Assigned task -
Using "Тонкая" as the search string, find the matching lines below and copy them.

Records drawn from a dataset:
****

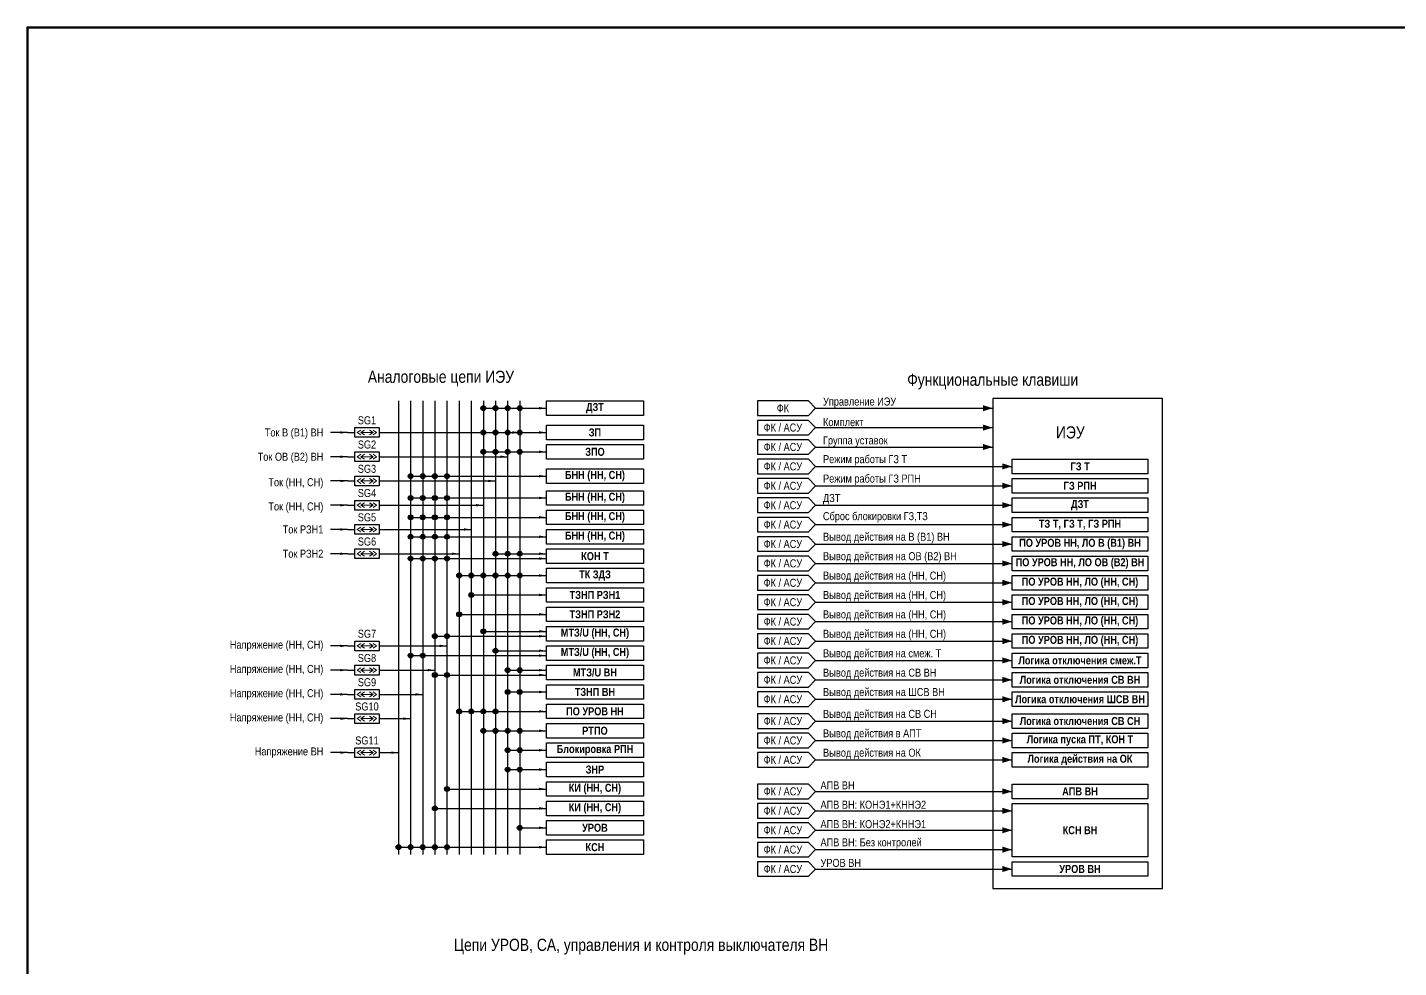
# Model space of a CAD drawing. Header units: millimetres. Extents: x 25558 to 49929, y 1902 to 19390.
# Drawn here: x 36520 to 37085, y 17597 to 17985 of the extents above; entities that cross this region are included whole.
import ezdxf

# ---------------------------------------------------------------- set-up
doc = ezdxf.new("R2010")
doc.units = ezdxf.units.MM
for name, color, linetype, lineweight in [('Основная', 7, 'Continuous', 30), ('Тонкая', 7, 'Continuous', 5), ('Цепи ТН', 200, 'Continuous', 30), ('Цепи ТТ', 23, 'Continuous', 30), ('Цепь - ФК и АСУ', 132, 'Continuous', 30)]:
    doc.layers.add(name, color=color, linetype=linetype, lineweight=lineweight)
doc.styles.add('Narrow', font='ARIALN.TTF')

msp = doc.modelspace()

# ---------------------------------------------------------------- hatches: boundary and pattern name
at = {"layer": 'Цепи ТН'}
h = msp.add_hatch(color=256, dxfattribs=at)
h.dxf.hatch_style = 1
h.paths.add_polyline_path([(36679, 17800, 1), (36677, 17800, 1)])
h = msp.add_hatch(color=256, dxfattribs=at)
h.dxf.hatch_style = 1
h.paths.add_polyline_path([(36684, 17800, 1), (36682, 17800, 1)])
h = msp.add_hatch(color=256, dxfattribs=at)
h.dxf.hatch_style = 1
h.paths.add_polyline_path([(36689, 17800, 1), (36687, 17800, 1)])
h = msp.add_hatch(color=256, dxfattribs=at)
h.dxf.hatch_style = 1
h.paths.add_polyline_path([(36694, 17800, 1), (36692, 17800, 1)])
h = msp.add_hatch(color=256, dxfattribs=at)
h.dxf.hatch_style = 1
h.paths.add_polyline_path([(36679, 17791, 1), (36677, 17791, 1)])
h = msp.add_hatch(color=256, dxfattribs=at)
h.dxf.hatch_style = 1
h.paths.add_polyline_path([(36684, 17791, 1), (36682, 17791, 1)])
h = msp.add_hatch(color=256, dxfattribs=at)
h.dxf.hatch_style = 1
h.paths.add_polyline_path([(36689, 17791, 1), (36687, 17791, 1)])
h = msp.add_hatch(color=256, dxfattribs=at)
h.dxf.hatch_style = 1
h.paths.add_polyline_path([(36694, 17791, 1), (36692, 17791, 1)])
h = msp.add_hatch(color=256, dxfattribs=at)
h.dxf.hatch_style = 1
h.paths.add_polyline_path([(36679, 17783, 1), (36677, 17783, 1)])
h = msp.add_hatch(color=256, dxfattribs=at)
h.dxf.hatch_style = 1
h.paths.add_polyline_path([(36684, 17783, 1), (36682, 17783, 1)])
h = msp.add_hatch(color=256, dxfattribs=at)
h.dxf.hatch_style = 1
h.paths.add_polyline_path([(36689, 17783, 1), (36687, 17783, 1)])
h = msp.add_hatch(color=256, dxfattribs=at)
h.dxf.hatch_style = 1
h.paths.add_polyline_path([(36694, 17783, 1), (36692, 17783, 1)])
h = msp.add_hatch(color=256, dxfattribs=at)
h.dxf.hatch_style = 1
h.paths.add_polyline_path([(36679, 17775, 1), (36677, 17775, 1)])
h = msp.add_hatch(color=256, dxfattribs=at)
h.dxf.hatch_style = 1
h.paths.add_polyline_path([(36684, 17775, 1), (36682, 17775, 1)])
h = msp.add_hatch(color=256, dxfattribs=at)
h.dxf.hatch_style = 1
h.paths.add_polyline_path([(36689, 17775, 1), (36687, 17775, 1)])
h = msp.add_hatch(color=256, dxfattribs=at)
h.dxf.hatch_style = 1
h.paths.add_polyline_path([(36694, 17775, 1), (36692, 17775, 1)])
h = msp.add_hatch(color=256, dxfattribs=at)
h.dxf.hatch_style = 1
h.paths.add_polyline_path([(36679, 17766, 1), (36677, 17766, 1)])
h = msp.add_hatch(color=256, dxfattribs=at)
h.dxf.hatch_style = 1
h.paths.add_polyline_path([(36684, 17766, 1), (36682, 17766, 1)])
h = msp.add_hatch(color=256, dxfattribs=at)
h.dxf.hatch_style = 1
h.paths.add_polyline_path([(36689, 17766, 1), (36687, 17766, 1)])
h = msp.add_hatch(color=256, dxfattribs=at)
h.dxf.hatch_style = 1
h.paths.add_polyline_path([(36694, 17766, 1), (36692, 17766, 1)])
h = msp.add_hatch(color=256, dxfattribs=at)
h.dxf.hatch_style = 1
h.paths.add_polyline_path([(36689, 17734, 1), (36687, 17734, 1)])
h = msp.add_hatch(color=256, dxfattribs=at)
h.dxf.hatch_style = 1
h.paths.add_polyline_path([(36694, 17734, 1), (36692, 17734, 1)])
h = msp.add_hatch(color=256, dxfattribs=at)
h.dxf.hatch_style = 1
h.paths.add_polyline_path([(36679, 17726, 1), (36677, 17726, 1)])
h = msp.add_hatch(color=256, dxfattribs=at)
h.dxf.hatch_style = 1
h.paths.add_polyline_path([(36684, 17726, 1), (36682, 17726, 1)])
h = msp.add_hatch(color=256, dxfattribs=at)
h.dxf.hatch_style = 1
h.paths.add_polyline_path([(36689, 17718, 1), (36687, 17718, 1)])
h = msp.add_hatch(color=256, dxfattribs=at)
h.dxf.hatch_style = 1
h.paths.add_polyline_path([(36694, 17718, 1), (36692, 17718, 1)])
h = msp.add_hatch(color=256, dxfattribs=at)
h.dxf.hatch_style = 1
h.paths.add_polyline_path([(36694, 17671, 1), (36692, 17671, 1)])
h = msp.add_hatch(color=256, dxfattribs=at)
h.dxf.hatch_style = 1
h.paths.add_polyline_path([(36689, 17663, 1), (36687, 17663, 1)])
h = msp.add_hatch(color=256, dxfattribs=at)
h.dxf.hatch_style = 1
h.paths.add_polyline_path([(36674, 17647, 1), (36672, 17647, 1)])
h = msp.add_hatch(color=256, dxfattribs=at)
h.dxf.hatch_style = 1
h.paths.add_polyline_path([(36679, 17647, 1), (36677, 17647, 1)])
h = msp.add_hatch(color=256, dxfattribs=at)
h.dxf.hatch_style = 1
h.paths.add_polyline_path([(36684, 17647, 1), (36682, 17647, 1)])
h = msp.add_hatch(color=256, dxfattribs=at)
h.dxf.hatch_style = 1
h.paths.add_polyline_path([(36689, 17647, 1), (36687, 17647, 1)])
h = msp.add_hatch(color=256, dxfattribs=at)
h.dxf.hatch_style = 1
h.paths.add_polyline_path([(36694, 17647, 1), (36692, 17647, 1)])
at = {"layer": 'Цепи ТТ'}
h = msp.add_hatch(color=256, dxfattribs=at)
h.dxf.hatch_style = 1
h.paths.add_polyline_path([(36709, 17828, 1), (36707, 17828, 1)])
h = msp.add_hatch(color=256, dxfattribs=at)
h.dxf.hatch_style = 1
h.paths.add_polyline_path([(36714, 17828, 1), (36712, 17828, 1)])
h = msp.add_hatch(color=256, dxfattribs=at)
h.dxf.hatch_style = 1
h.paths.add_polyline_path([(36719, 17828, 1), (36717, 17828, 1)])
h = msp.add_hatch(color=256, dxfattribs=at)
h.dxf.hatch_style = 1
h.paths.add_polyline_path([(36724, 17828, 1), (36722, 17828, 1)])
h = msp.add_hatch(color=256, dxfattribs=at)
h.dxf.hatch_style = 1
h.paths.add_polyline_path([(36709, 17818, 1), (36707, 17818, 1)])
h = msp.add_hatch(color=256, dxfattribs=at)
h.dxf.hatch_style = 1
h.paths.add_polyline_path([(36714, 17818, 1), (36712, 17818, 1)])
h = msp.add_hatch(color=256, dxfattribs=at)
h.dxf.hatch_style = 1
h.paths.add_polyline_path([(36719, 17818, 1), (36717, 17818, 1)])
h = msp.add_hatch(color=256, dxfattribs=at)
h.dxf.hatch_style = 1
h.paths.add_polyline_path([(36724, 17818, 1), (36722, 17818, 1)])
h = msp.add_hatch(color=256, dxfattribs=at)
h.dxf.hatch_style = 1
h.paths.add_polyline_path([(36709, 17810, 1), (36707, 17810, 1)])
h = msp.add_hatch(color=256, dxfattribs=at)
h.dxf.hatch_style = 1
h.paths.add_polyline_path([(36714, 17810, 1), (36712, 17810, 1)])
h = msp.add_hatch(color=256, dxfattribs=at)
h.dxf.hatch_style = 1
h.paths.add_polyline_path([(36719, 17810, 1), (36717, 17810, 1)])
h = msp.add_hatch(color=256, dxfattribs=at)
h.dxf.hatch_style = 1
h.paths.add_polyline_path([(36724, 17810, 1), (36722, 17810, 1)])
h = msp.add_hatch(color=256, dxfattribs=at)
h.dxf.hatch_style = 1
h.paths.add_polyline_path([(36714, 17768, 1), (36712, 17768, 1)])
h = msp.add_hatch(color=256, dxfattribs=at)
h.dxf.hatch_style = 1
h.paths.add_polyline_path([(36719, 17768, 1), (36717, 17768, 1)])
h = msp.add_hatch(color=256, dxfattribs=at)
h.dxf.hatch_style = 1
h.paths.add_polyline_path([(36724, 17768, 1), (36722, 17768, 1)])
h = msp.add_hatch(color=256, dxfattribs=at)
h.dxf.hatch_style = 1
h.paths.add_polyline_path([(36699, 17759, 1), (36697, 17759, 1)])
h = msp.add_hatch(color=256, dxfattribs=at)
h.dxf.hatch_style = 1
h.paths.add_polyline_path([(36704, 17759, 1), (36702, 17759, 1)])
h = msp.add_hatch(color=256, dxfattribs=at)
h.dxf.hatch_style = 1
h.paths.add_polyline_path([(36709, 17759, 1), (36707, 17759, 1)])
h = msp.add_hatch(color=256, dxfattribs=at)
h.dxf.hatch_style = 1
h.paths.add_polyline_path([(36714, 17759, 1), (36712, 17759, 1)])
h = msp.add_hatch(color=256, dxfattribs=at)
h.dxf.hatch_style = 1
h.paths.add_polyline_path([(36719, 17759, 1), (36717, 17759, 1)])
h = msp.add_hatch(color=256, dxfattribs=at)
h.dxf.hatch_style = 1
h.paths.add_polyline_path([(36724, 17759, 1), (36722, 17759, 1)])
h = msp.add_hatch(color=256, dxfattribs=at)
h.dxf.hatch_style = 1
h.paths.add_polyline_path([(36704, 17751, 1), (36702, 17751, 1)])
h = msp.add_hatch(color=256, dxfattribs=at)
h.dxf.hatch_style = 1
h.paths.add_polyline_path([(36699, 17743, 1), (36697, 17743, 1)])
h = msp.add_hatch(color=256, dxfattribs=at)
h.dxf.hatch_style = 1
h.paths.add_polyline_path([(36709, 17736, 1), (36707, 17736, 1)])
h = msp.add_hatch(color=256, dxfattribs=at)
h.dxf.hatch_style = 1
h.paths.add_polyline_path([(36714, 17728, 1), (36712, 17728, 1)])
h = msp.add_hatch(color=256, dxfattribs=at)
h.dxf.hatch_style = 1
h.paths.add_polyline_path([(36719, 17720, 1), (36717, 17720, 1)])
h = msp.add_hatch(color=256, dxfattribs=at)
h.dxf.hatch_style = 1
h.paths.add_polyline_path([(36724, 17720, 1), (36722, 17720, 1)])
h = msp.add_hatch(color=256, dxfattribs=at)
h.dxf.hatch_style = 1
h.paths.add_polyline_path([(36719, 17711, 1), (36717, 17711, 1)])
h = msp.add_hatch(color=256, dxfattribs=at)
h.dxf.hatch_style = 1
h.paths.add_polyline_path([(36724, 17711, 1), (36722, 17711, 1)])
h = msp.add_hatch(color=256, dxfattribs=at)
h.dxf.hatch_style = 1
h.paths.add_polyline_path([(36699, 17703, 1), (36697, 17703, 1)])
h = msp.add_hatch(color=256, dxfattribs=at)
h.dxf.hatch_style = 1
h.paths.add_polyline_path([(36704, 17703, 1), (36702, 17703, 1)])
h = msp.add_hatch(color=256, dxfattribs=at)
h.dxf.hatch_style = 1
h.paths.add_polyline_path([(36709, 17703, 1), (36707, 17703, 1)])
h = msp.add_hatch(color=256, dxfattribs=at)
h.dxf.hatch_style = 1
h.paths.add_polyline_path([(36714, 17703, 1), (36712, 17703, 1)])
h = msp.add_hatch(color=256, dxfattribs=at)
h.dxf.hatch_style = 1
h.paths.add_polyline_path([(36709, 17695, 1), (36707, 17695, 1)])
h = msp.add_hatch(color=256, dxfattribs=at)
h.dxf.hatch_style = 1
h.paths.add_polyline_path([(36714, 17695, 1), (36712, 17695, 1)])
h = msp.add_hatch(color=256, dxfattribs=at)
h.dxf.hatch_style = 1
h.paths.add_polyline_path([(36719, 17695, 1), (36717, 17695, 1)])
h = msp.add_hatch(color=256, dxfattribs=at)
h.dxf.hatch_style = 1
h.paths.add_polyline_path([(36724, 17695, 1), (36722, 17695, 1)])
h = msp.add_hatch(color=256, dxfattribs=at)
h.dxf.hatch_style = 1
h.paths.add_polyline_path([(36719, 17687, 1), (36717, 17687, 1)])
h = msp.add_hatch(color=256, dxfattribs=at)
h.dxf.hatch_style = 1
h.paths.add_polyline_path([(36724, 17687, 1), (36722, 17687, 1)])
h = msp.add_hatch(color=256, dxfattribs=at)
h.dxf.hatch_style = 1
h.paths.add_polyline_path([(36719, 17679, 1), (36717, 17679, 1)])
h = msp.add_hatch(color=256, dxfattribs=at)
h.dxf.hatch_style = 1
h.paths.add_polyline_path([(36724, 17679, 1), (36722, 17679, 1)])
h = msp.add_hatch(color=256, dxfattribs=at)
h.dxf.hatch_style = 1
h.paths.add_polyline_path([(36724, 17655, 1), (36722, 17655, 1)])

# ---------------------------------------------------------------- linework, layer by layer
at = {"layer": 'Основная', "ltscale": 0.3}
msp.add_lwpolyline([(36918, 17630), (36988, 17630), (36988, 17832), (36918, 17832)], close=True, dxfattribs=at)
at = {"layer": 'Основная'}
for points in [[(36734, 17831), (36774, 17831), (36774, 17825), (36734, 17825)], [(36734, 17821), (36774, 17821), (36774, 17815), (36734, 17815)], [(36655, 17820), (36665, 17820), (36665, 17816), (36655, 17816)], [(36655, 17810), (36665, 17810), (36665, 17806), (36655, 17806)], [(36734, 17813), (36774, 17813), (36774, 17807), (36734, 17807)], [(36926, 17807), (36982, 17807), (36982, 17801), (36926, 17801)], [(36655, 17800), (36665, 17800), (36665, 17796), (36655, 17796)], [(36734, 17803), (36774, 17803), (36774, 17797), (36734, 17797)], [(36926, 17799), (36982, 17799), (36982, 17793), (36926, 17793)], [(36734, 17794), (36774, 17794), (36774, 17788), (36734, 17788)], [(36655, 17790), (36665, 17790), (36665, 17786), (36655, 17786)], [(36926, 17791), (36982, 17791), (36982, 17785), (36926, 17785)], [(36734, 17786), (36774, 17786), (36774, 17780), (36734, 17780)], [(36926, 17783), (36982, 17783), (36982, 17777), (36926, 17777)], [(36655, 17780), (36665, 17780), (36665, 17776), (36655, 17776)], [(36734, 17778), (36774, 17778), (36774, 17772), (36734, 17772)], [(36926, 17775), (36982, 17775), (36982, 17769), (36926, 17769)], [(36655, 17770), (36665, 17770), (36665, 17766), (36655, 17766)], [(36734, 17770), (36774, 17770), (36774, 17764), (36734, 17764)], [(36926, 17767), (36982, 17767), (36982, 17761), (36926, 17761)], [(36734, 17762), (36774, 17762), (36774, 17756), (36734, 17756)], [(36926, 17759), (36982, 17759), (36982, 17753), (36926, 17753)], [(36734, 17754), (36774, 17754), (36774, 17748), (36734, 17748)], [(36926, 17751), (36982, 17751), (36982, 17745), (36926, 17745)], [(36734, 17746), (36774, 17746), (36774, 17740), (36734, 17740)], [(36926, 17743), (36982, 17743), (36982, 17737), (36926, 17737)], [(36734, 17738), (36774, 17738), (36774, 17732), (36734, 17732)], [(36655, 17732), (36665, 17732), (36665, 17728), (36655, 17728)], [(36734, 17730), (36774, 17730), (36774, 17724), (36734, 17724)], [(36926, 17735), (36982, 17735), (36982, 17729), (36926, 17729)], [(36926, 17727), (36982, 17727), (36982, 17721), (36926, 17721)], [(36655, 17722), (36665, 17722), (36665, 17718), (36655, 17718)], [(36734, 17722), (36774, 17722), (36774, 17716), (36734, 17716)], [(36926, 17719), (36982, 17719), (36982, 17713), (36926, 17713)], [(36734, 17714), (36774, 17714), (36774, 17708), (36734, 17708)], [(36655, 17712), (36665, 17712), (36665, 17708), (36655, 17708)], [(36926, 17711), (36982, 17711), (36982, 17705), (36926, 17705)], [(36655, 17702), (36665, 17702), (36665, 17698), (36655, 17698)], [(36734, 17706), (36774, 17706), (36774, 17700), (36734, 17700)], [(36926, 17702), (36982, 17702), (36982, 17696), (36926, 17696)], [(36734, 17698), (36774, 17698), (36774, 17692), (36734, 17692)], [(36926, 17694), (36982, 17694), (36982, 17688), (36926, 17688)], [(36655, 17688), (36665, 17688), (36665, 17684), (36655, 17684)], [(36734, 17690), (36774, 17690), (36774, 17684), (36734, 17684)], [(36926, 17686), (36982, 17686), (36982, 17680), (36926, 17680)], [(36734, 17682), (36774, 17682), (36774, 17676), (36734, 17676)], [(36734, 17674), (36774, 17674), (36774, 17668), (36734, 17668)], [(36926, 17673), (36982, 17673), (36982, 17667), (36926, 17667)], [(36734, 17666), (36774, 17666), (36774, 17660), (36734, 17660)], [(36926, 17665), (36982, 17665), (36982, 17643), (36926, 17643)], [(36734, 17658), (36774, 17658), (36774, 17652), (36734, 17652)], [(36734, 17650), (36774, 17650), (36774, 17644), (36734, 17644)], [(36926, 17641), (36982, 17641), (36982, 17635), (36926, 17635)]]:
    msp.add_lwpolyline(points, close=True, dxfattribs=at)
at = {"layer": 'Тонкая', "ltscale": 0.25}
for p, q in [((36656, 17818), (36657.5, 17819)), ((36657.5, 17817), (36656, 17818)), ((36657.5, 17818), (36659, 17819)), ((36659, 17817), (36657.5, 17818)), ((36662.5, 17818), (36661, 17819)), ((36661, 17817), (36662.5, 17818)), ((36664, 17818), (36662.5, 17819)), ((36662.5, 17817), (36664, 17818)), ((36656, 17808), (36657.5, 17809)), ((36657.5, 17808), (36659, 17809)), ((36662.5, 17808), (36661, 17809)), ((36664, 17808), (36662.5, 17809)), ((36657.5, 17807), (36656, 17808)), ((36659, 17807), (36657.5, 17808)), ((36661, 17807), (36662.5, 17808)), ((36662.5, 17807), (36664, 17808)), ((36656, 17798), (36657.5, 17799)), ((36657.5, 17797), (36656, 17798)), ((36657.5, 17798), (36659, 17799)), ((36659, 17797), (36657.5, 17798)), ((36662.5, 17798), (36661, 17799)), ((36661, 17797), (36662.5, 17798)), ((36664, 17798), (36662.5, 17799)), ((36662.5, 17797), (36664, 17798)), ((36656, 17788), (36657.5, 17789)), ((36657.5, 17787), (36656, 17788)), ((36657.5, 17788), (36659, 17789)), ((36659, 17787), (36657.5, 17788)), ((36662.5, 17788), (36661, 17789)), ((36661, 17787), (36662.5, 17788)), ((36664, 17788), (36662.5, 17789)), ((36662.5, 17787), (36664, 17788)), ((36656, 17778), (36657.5, 17779)), ((36657.5, 17777), (36656, 17778)), ((36657.5, 17778), (36659, 17779)), ((36659, 17777), (36657.5, 17778)), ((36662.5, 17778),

****

Result -
for name, color, linetype, lineweight in [('Основная', 7, 'Continuous', 30), ('Тонкая', 7, 'Continuous', 5), ('Цепи ТН', 200, 'Continuous', 30), ('Цепи ТТ', 23, 'Continuous', 30), ('Цепь - ФК и АСУ', 132, 'Continuous', 30)]:
at = {"layer": 'Тонкая', "ltscale": 0.25}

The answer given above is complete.